*RECORDS TO PROCESS*:
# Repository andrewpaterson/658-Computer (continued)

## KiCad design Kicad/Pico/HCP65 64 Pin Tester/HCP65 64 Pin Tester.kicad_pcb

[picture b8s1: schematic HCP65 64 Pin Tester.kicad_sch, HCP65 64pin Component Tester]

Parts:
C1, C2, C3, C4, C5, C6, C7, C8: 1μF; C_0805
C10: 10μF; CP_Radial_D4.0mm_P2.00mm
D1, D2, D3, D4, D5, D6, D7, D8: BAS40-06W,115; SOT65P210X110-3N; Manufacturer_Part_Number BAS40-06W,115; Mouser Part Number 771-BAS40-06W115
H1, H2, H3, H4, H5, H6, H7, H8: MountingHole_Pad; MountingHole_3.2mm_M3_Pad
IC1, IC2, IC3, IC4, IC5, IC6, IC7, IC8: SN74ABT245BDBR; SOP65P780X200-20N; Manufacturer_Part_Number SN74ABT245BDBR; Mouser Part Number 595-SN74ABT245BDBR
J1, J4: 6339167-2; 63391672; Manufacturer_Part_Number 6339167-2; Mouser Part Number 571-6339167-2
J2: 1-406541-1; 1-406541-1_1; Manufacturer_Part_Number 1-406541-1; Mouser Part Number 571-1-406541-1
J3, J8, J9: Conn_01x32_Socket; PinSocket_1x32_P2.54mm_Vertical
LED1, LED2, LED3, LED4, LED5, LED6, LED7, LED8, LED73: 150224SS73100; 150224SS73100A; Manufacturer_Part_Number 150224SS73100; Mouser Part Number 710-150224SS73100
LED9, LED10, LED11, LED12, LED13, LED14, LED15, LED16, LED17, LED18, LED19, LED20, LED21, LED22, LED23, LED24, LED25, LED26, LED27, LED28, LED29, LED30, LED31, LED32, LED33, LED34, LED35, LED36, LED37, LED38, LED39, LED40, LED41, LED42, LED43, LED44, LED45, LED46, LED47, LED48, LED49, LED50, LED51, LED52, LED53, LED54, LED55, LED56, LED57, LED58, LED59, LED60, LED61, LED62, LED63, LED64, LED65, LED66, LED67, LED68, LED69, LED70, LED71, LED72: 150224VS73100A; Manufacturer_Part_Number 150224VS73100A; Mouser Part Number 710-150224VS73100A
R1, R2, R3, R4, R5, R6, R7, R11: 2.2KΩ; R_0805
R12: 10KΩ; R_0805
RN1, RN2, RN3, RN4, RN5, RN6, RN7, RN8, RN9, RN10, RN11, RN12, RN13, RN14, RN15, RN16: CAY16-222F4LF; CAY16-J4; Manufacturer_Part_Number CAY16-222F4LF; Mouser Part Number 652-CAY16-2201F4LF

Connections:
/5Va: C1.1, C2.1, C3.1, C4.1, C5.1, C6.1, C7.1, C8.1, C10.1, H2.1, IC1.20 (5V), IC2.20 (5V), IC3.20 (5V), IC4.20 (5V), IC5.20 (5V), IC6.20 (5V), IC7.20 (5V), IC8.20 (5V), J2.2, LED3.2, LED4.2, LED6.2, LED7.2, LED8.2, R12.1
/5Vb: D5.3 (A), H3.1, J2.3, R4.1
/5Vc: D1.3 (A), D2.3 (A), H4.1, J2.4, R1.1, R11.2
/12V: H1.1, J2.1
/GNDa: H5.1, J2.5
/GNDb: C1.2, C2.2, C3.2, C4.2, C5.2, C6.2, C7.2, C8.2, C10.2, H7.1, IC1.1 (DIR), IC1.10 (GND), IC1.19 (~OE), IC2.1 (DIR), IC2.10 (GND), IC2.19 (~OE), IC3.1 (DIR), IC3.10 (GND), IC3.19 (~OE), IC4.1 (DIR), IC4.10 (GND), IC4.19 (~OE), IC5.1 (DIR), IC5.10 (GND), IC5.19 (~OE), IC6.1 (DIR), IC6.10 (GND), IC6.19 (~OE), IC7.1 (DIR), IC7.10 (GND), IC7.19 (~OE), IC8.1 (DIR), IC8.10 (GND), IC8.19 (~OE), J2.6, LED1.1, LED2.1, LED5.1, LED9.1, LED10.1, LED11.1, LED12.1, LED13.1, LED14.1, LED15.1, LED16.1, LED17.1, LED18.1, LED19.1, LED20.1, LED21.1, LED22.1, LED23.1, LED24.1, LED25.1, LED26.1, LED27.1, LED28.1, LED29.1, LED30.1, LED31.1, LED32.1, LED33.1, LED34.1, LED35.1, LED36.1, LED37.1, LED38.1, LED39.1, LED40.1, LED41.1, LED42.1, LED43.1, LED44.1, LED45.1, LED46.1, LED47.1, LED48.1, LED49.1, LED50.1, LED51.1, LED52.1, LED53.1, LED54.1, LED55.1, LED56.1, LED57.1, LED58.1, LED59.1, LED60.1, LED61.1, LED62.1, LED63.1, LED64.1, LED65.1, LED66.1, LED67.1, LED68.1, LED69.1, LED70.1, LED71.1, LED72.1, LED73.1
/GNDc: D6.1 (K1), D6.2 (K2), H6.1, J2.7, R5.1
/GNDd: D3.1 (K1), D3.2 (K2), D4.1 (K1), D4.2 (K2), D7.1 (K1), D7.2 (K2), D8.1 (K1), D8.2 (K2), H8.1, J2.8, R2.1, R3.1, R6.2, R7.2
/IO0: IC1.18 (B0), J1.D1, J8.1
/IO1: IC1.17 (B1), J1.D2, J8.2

*WORK ITEM*:
Show each line of the data that contains the string "Tester".

*REPLY*:
## KiCad design Kicad/Pico/HCP65 64 Pin Tester/HCP65 64 Pin Tester.kicad_pcb
[picture b8s1: schematic HCP65 64 Pin Tester.kicad_sch, HCP65 64pin Component Tester]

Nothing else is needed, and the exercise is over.